→ INSTRUCTIONS TO FOLLOW
Output exactly the lines of the listing below that run from the line with "Validation_boundary_DTC1 : DataTypeConversion" through the line with "Rate Transition2 : RateTransition". No pictures.

---------------

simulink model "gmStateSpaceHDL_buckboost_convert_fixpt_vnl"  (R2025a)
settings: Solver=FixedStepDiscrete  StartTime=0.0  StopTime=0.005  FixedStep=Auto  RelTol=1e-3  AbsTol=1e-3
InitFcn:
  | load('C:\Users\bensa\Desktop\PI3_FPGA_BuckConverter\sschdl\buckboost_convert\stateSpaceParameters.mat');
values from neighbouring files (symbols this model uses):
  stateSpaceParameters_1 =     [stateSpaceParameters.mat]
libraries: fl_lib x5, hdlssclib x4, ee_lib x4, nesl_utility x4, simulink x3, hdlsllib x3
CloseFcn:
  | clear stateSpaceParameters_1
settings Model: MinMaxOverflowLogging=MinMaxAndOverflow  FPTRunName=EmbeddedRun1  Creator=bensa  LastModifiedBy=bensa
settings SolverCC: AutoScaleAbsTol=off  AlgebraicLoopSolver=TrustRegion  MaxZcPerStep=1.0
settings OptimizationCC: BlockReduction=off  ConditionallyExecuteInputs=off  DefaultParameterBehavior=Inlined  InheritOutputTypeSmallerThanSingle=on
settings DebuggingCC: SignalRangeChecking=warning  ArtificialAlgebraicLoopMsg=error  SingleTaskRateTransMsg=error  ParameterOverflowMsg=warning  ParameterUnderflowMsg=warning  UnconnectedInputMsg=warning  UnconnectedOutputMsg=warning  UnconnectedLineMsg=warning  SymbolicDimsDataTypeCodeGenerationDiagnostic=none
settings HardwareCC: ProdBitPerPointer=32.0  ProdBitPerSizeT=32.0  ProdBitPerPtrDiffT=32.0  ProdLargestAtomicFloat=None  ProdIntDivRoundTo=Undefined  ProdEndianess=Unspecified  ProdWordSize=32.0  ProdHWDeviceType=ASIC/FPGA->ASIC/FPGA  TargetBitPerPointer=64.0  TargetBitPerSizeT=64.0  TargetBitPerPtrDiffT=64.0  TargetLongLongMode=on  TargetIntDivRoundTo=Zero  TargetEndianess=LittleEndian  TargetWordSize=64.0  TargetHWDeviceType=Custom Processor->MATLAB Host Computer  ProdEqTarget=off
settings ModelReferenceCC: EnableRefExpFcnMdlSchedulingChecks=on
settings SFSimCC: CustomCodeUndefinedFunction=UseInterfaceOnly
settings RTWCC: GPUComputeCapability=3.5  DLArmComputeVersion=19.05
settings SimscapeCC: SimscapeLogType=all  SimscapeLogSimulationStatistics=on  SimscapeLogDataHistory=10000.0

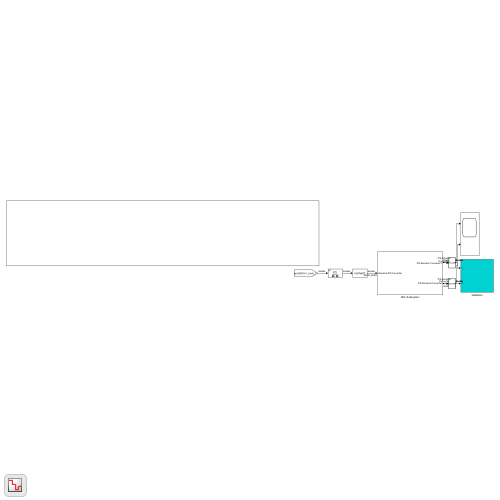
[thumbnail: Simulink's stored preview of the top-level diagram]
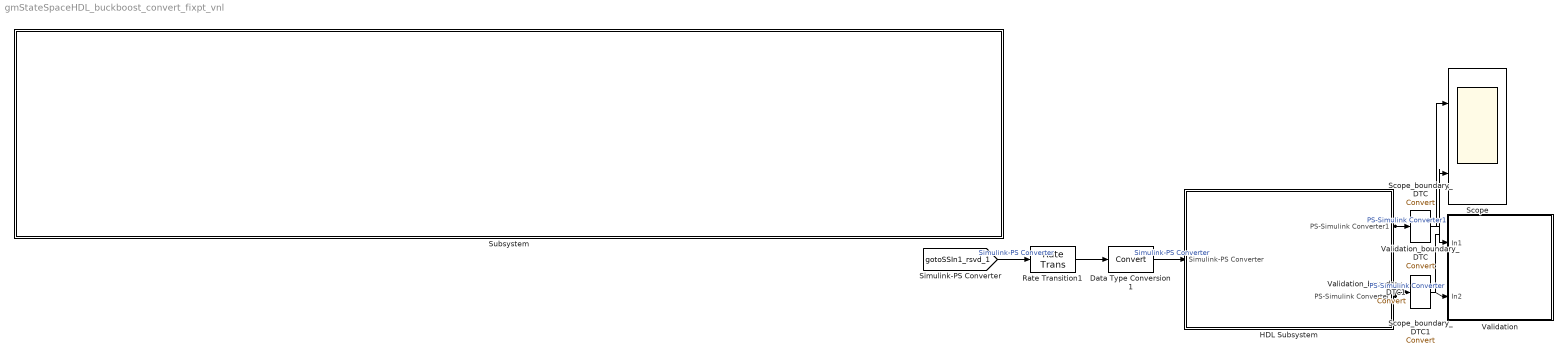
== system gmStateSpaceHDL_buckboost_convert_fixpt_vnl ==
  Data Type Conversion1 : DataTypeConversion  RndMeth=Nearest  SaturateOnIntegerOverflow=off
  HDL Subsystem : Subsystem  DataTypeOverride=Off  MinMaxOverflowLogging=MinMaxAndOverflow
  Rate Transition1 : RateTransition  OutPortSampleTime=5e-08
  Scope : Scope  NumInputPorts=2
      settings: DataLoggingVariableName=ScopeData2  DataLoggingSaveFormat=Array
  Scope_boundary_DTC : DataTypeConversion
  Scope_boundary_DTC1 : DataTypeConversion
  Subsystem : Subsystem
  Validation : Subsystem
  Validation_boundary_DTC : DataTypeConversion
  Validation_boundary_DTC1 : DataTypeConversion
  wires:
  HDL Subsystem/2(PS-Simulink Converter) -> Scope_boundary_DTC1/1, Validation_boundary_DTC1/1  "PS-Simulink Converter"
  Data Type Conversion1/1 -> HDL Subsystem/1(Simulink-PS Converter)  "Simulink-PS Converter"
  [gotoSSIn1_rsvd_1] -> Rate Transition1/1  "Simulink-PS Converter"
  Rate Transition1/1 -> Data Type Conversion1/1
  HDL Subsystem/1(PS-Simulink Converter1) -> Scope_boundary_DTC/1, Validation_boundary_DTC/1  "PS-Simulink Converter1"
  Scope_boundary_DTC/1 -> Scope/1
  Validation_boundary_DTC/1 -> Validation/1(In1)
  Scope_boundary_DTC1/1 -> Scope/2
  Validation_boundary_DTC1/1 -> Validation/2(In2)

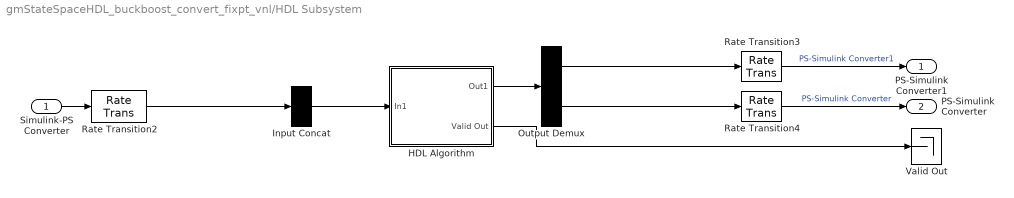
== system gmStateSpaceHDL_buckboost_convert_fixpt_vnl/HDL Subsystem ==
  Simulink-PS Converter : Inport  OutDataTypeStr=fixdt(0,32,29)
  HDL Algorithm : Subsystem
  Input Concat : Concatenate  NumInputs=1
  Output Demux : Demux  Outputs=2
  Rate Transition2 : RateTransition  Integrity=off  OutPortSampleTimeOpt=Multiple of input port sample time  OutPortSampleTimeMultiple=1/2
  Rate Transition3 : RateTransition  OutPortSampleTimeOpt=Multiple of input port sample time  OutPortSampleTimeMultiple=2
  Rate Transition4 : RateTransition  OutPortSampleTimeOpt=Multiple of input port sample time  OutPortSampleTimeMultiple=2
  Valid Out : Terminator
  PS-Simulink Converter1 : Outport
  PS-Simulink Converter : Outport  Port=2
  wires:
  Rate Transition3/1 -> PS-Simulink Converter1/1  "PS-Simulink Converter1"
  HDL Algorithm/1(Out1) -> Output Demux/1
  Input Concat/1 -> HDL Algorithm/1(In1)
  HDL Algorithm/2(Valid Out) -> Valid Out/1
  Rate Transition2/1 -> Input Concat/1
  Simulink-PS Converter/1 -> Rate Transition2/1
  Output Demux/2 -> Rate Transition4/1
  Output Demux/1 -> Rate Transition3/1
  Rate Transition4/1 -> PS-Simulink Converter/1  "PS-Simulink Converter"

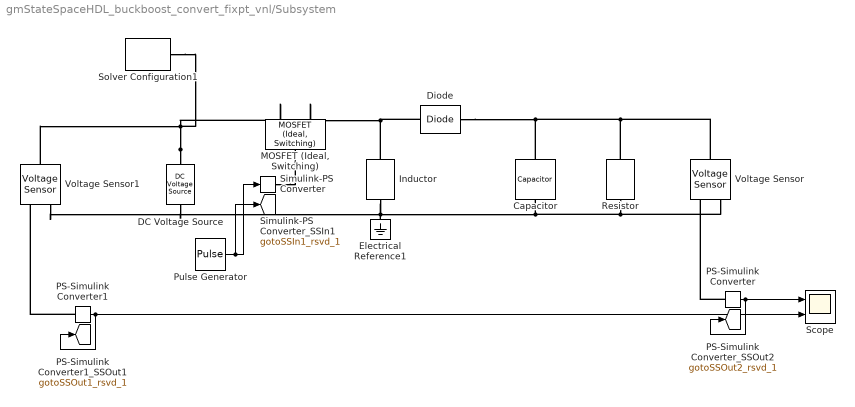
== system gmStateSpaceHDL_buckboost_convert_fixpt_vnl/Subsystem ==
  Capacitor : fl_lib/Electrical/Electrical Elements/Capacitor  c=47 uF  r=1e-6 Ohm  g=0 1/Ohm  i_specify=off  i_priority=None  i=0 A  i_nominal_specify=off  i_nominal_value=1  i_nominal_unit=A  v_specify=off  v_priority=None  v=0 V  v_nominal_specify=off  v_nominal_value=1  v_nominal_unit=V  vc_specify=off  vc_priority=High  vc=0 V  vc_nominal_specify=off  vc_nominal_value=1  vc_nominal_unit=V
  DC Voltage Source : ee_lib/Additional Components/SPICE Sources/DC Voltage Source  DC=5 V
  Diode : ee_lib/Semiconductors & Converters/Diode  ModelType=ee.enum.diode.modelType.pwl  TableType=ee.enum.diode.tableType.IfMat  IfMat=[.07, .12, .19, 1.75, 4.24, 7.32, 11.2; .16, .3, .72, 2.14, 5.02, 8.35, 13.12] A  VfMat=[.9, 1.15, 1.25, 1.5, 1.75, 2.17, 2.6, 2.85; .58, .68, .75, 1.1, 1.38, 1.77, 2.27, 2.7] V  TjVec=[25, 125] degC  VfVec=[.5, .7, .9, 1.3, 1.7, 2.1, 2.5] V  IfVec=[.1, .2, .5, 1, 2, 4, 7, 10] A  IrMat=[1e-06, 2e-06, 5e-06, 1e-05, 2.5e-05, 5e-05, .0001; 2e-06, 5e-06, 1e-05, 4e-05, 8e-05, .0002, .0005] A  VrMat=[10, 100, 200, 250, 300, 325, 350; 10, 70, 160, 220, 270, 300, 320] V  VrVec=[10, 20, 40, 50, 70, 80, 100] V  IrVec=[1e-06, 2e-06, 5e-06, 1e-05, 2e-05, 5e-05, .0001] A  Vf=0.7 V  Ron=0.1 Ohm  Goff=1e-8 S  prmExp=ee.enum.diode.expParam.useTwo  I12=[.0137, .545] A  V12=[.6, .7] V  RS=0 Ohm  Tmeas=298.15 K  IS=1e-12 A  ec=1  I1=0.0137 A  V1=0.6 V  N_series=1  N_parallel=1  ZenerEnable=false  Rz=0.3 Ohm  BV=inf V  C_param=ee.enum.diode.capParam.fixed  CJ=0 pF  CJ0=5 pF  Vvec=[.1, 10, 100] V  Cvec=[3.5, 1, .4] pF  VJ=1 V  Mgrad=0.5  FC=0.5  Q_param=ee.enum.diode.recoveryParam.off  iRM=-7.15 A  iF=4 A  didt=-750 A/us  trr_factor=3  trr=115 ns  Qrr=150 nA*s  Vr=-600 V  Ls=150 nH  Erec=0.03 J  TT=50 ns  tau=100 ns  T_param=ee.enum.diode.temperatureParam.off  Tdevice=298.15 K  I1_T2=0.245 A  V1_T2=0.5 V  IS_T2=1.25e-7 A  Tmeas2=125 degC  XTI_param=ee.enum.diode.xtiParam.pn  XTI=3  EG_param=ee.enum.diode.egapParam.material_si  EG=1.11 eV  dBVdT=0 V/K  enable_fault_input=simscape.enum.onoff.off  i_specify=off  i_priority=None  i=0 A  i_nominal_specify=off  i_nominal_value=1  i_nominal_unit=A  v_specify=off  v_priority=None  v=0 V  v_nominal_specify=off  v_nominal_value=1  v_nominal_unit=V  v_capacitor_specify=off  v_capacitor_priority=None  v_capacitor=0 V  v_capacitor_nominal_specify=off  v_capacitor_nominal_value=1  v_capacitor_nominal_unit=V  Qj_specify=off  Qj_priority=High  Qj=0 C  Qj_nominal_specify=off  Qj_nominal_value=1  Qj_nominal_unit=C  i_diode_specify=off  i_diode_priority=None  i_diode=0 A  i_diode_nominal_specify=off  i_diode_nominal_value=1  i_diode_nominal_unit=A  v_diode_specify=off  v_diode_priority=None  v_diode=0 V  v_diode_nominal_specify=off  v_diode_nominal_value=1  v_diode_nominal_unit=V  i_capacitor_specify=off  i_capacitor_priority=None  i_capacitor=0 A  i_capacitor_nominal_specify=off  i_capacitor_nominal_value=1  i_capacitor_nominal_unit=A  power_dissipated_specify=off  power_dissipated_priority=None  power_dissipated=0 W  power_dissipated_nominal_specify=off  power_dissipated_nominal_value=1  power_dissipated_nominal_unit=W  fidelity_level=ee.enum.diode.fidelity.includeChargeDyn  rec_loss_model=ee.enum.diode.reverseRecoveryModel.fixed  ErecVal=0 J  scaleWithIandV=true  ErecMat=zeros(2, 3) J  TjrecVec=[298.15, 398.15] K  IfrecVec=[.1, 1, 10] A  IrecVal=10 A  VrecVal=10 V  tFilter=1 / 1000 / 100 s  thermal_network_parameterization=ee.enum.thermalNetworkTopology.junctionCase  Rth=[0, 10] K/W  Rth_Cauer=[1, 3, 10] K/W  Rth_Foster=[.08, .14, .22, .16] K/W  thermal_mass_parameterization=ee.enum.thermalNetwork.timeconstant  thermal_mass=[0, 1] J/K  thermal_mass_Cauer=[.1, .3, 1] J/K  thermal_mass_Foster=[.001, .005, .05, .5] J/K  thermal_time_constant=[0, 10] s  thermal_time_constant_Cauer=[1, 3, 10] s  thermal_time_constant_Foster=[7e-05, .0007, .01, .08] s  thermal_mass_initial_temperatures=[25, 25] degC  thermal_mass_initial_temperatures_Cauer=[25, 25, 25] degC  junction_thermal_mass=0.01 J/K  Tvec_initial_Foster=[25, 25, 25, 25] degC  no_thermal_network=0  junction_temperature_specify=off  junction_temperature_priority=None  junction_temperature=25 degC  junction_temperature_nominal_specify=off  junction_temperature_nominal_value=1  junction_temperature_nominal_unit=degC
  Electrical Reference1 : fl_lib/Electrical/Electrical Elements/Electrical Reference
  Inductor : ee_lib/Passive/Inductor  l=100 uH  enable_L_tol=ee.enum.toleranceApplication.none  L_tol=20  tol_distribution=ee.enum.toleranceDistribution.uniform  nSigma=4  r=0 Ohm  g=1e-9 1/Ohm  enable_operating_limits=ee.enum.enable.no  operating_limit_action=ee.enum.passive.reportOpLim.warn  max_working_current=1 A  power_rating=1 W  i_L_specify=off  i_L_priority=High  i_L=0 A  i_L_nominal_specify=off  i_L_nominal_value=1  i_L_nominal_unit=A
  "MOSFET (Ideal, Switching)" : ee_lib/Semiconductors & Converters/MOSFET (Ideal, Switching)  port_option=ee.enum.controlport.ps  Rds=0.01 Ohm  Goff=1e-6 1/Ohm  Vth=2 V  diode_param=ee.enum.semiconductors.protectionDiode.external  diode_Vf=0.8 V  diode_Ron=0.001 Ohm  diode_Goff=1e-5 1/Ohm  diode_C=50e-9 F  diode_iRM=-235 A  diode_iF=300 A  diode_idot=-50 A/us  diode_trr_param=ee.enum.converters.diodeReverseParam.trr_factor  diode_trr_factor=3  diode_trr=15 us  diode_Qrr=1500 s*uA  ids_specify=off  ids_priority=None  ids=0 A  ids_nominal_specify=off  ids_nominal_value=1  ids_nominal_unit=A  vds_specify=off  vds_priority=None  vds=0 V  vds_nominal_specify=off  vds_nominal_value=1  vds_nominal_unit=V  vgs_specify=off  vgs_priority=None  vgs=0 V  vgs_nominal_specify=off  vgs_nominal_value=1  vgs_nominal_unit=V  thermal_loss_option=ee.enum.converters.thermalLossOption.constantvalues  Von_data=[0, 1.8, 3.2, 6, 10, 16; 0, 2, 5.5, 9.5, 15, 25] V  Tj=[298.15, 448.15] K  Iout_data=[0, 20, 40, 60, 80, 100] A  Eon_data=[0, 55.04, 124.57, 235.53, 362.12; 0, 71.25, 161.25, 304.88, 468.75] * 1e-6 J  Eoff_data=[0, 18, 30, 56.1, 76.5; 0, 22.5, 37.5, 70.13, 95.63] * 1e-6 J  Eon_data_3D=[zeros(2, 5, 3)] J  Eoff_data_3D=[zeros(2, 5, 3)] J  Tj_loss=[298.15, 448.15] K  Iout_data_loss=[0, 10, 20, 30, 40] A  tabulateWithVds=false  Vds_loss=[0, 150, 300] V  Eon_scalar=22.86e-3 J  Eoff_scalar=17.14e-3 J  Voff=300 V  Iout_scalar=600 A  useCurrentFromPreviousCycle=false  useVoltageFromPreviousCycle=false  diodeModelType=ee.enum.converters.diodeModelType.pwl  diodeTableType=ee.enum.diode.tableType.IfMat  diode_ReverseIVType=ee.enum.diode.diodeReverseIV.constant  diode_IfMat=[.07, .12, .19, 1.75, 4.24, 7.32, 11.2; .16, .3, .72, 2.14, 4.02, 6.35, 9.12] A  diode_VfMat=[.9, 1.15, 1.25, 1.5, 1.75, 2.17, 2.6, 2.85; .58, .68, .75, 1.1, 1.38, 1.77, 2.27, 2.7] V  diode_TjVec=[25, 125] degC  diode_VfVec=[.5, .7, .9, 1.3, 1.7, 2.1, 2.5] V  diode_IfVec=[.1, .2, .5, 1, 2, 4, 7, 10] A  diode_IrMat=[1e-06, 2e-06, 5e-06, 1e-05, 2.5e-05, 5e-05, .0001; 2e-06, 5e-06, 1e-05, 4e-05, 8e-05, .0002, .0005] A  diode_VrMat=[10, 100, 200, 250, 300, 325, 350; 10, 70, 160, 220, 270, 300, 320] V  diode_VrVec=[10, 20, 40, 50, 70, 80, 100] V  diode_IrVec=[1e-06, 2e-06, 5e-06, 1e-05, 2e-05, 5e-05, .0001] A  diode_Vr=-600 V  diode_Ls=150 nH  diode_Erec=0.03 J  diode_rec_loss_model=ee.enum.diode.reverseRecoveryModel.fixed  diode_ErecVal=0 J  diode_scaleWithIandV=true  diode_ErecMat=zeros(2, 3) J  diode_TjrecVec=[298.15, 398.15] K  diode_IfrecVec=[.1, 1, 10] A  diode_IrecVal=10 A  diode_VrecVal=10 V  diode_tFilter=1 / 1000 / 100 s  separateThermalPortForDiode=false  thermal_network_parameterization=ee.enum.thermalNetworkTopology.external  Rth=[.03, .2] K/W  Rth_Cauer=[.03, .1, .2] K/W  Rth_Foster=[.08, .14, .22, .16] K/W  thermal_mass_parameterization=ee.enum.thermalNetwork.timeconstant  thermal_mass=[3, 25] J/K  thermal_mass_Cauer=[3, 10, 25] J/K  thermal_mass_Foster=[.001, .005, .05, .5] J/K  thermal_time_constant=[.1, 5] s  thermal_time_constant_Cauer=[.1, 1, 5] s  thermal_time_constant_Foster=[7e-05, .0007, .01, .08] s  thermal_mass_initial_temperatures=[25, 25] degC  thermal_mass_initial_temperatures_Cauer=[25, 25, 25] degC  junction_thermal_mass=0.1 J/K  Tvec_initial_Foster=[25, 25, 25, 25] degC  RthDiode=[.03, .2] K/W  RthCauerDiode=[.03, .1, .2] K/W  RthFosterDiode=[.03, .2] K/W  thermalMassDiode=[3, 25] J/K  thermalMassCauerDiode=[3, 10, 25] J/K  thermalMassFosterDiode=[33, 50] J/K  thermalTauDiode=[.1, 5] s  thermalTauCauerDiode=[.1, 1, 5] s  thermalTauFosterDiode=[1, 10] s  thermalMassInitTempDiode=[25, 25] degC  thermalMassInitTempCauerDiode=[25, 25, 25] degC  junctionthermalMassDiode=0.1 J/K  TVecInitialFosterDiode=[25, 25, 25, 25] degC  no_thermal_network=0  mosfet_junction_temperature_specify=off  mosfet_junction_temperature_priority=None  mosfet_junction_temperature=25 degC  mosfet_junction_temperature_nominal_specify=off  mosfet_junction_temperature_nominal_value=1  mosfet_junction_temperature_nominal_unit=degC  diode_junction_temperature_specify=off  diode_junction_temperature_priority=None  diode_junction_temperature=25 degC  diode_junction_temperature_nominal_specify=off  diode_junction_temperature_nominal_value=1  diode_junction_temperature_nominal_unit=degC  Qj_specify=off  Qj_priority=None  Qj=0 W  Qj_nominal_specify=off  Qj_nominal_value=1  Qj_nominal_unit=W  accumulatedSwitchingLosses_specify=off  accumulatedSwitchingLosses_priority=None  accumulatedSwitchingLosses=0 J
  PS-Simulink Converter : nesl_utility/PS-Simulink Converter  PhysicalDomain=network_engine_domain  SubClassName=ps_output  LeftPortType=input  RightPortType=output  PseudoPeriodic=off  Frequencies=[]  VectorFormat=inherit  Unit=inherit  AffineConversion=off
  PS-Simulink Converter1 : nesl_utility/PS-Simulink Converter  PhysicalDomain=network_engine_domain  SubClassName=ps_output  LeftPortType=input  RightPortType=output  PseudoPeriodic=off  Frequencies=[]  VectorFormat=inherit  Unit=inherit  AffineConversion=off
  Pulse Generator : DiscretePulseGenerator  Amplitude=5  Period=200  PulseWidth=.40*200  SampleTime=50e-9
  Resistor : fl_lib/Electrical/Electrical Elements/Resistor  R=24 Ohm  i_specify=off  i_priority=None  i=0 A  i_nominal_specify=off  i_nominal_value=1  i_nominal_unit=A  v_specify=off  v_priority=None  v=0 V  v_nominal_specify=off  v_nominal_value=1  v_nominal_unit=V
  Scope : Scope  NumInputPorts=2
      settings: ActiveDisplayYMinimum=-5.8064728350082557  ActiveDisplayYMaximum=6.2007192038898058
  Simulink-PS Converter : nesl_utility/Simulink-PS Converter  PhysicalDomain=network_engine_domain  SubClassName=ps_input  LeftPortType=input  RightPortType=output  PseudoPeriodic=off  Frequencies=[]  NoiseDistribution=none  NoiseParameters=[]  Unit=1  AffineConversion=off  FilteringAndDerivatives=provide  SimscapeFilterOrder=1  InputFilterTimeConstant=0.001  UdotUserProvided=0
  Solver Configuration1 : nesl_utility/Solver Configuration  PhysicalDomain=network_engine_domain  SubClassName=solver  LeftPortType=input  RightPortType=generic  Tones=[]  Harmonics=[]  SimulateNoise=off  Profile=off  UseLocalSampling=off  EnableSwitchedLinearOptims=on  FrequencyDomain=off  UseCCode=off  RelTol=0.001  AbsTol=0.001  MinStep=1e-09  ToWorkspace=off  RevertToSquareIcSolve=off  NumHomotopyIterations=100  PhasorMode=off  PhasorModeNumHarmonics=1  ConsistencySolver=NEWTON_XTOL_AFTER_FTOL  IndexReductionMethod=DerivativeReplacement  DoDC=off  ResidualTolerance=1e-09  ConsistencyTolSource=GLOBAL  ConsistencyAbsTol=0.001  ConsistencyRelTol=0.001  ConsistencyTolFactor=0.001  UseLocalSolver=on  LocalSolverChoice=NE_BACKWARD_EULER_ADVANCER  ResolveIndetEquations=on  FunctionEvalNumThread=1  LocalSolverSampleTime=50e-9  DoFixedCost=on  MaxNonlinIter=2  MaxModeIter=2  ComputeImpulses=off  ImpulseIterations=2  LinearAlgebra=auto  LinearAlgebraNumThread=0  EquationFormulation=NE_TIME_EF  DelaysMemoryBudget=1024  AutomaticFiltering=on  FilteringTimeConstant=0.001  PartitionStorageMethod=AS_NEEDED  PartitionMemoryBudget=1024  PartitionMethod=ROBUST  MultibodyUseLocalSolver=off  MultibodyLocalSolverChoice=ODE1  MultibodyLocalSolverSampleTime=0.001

---------------

→ REPLY
  Validation_boundary_DTC1 : DataTypeConversion
  wires:
  HDL Subsystem/2(PS-Simulink Converter) -> Scope_boundary_DTC1/1, Validation_boundary_DTC1/1  "PS-Simulink Converter"
  Data Type Conversion1/1 -> HDL Subsystem/1(Simulink-PS Converter)  "Simulink-PS Converter"
  [gotoSSIn1_rsvd_1] -> Rate Transition1/1  "Simulink-PS Converter"
  Rate Transition1/1 -> Data Type Conversion1/1
  HDL Subsystem/1(PS-Simulink Converter1) -> Scope_boundary_DTC/1, Validation_boundary_DTC/1  "PS-Simulink Converter1"
  Scope_boundary_DTC/1 -> Scope/1
  Validation_boundary_DTC/1 -> Validation/1(In1)
  Scope_boundary_DTC1/1 -> Scope/2
  Validation_boundary_DTC1/1 -> Validation/2(In2)

== system gmStateSpaceHDL_buckboost_convert_fixpt_vnl/HDL Subsystem ==
  Simulink-PS Converter : Inport  OutDataTypeStr=fixdt(0,32,29)
  HDL Algorithm : Subsystem
  Input Concat : Concatenate  NumInputs=1
  Output Demux : Demux  Outputs=2
  Rate Transition2 : RateTransition  Integrity=off  OutPortSampleTimeOpt=Multiple of input port sample time  OutPortSampleTimeMultiple=1/2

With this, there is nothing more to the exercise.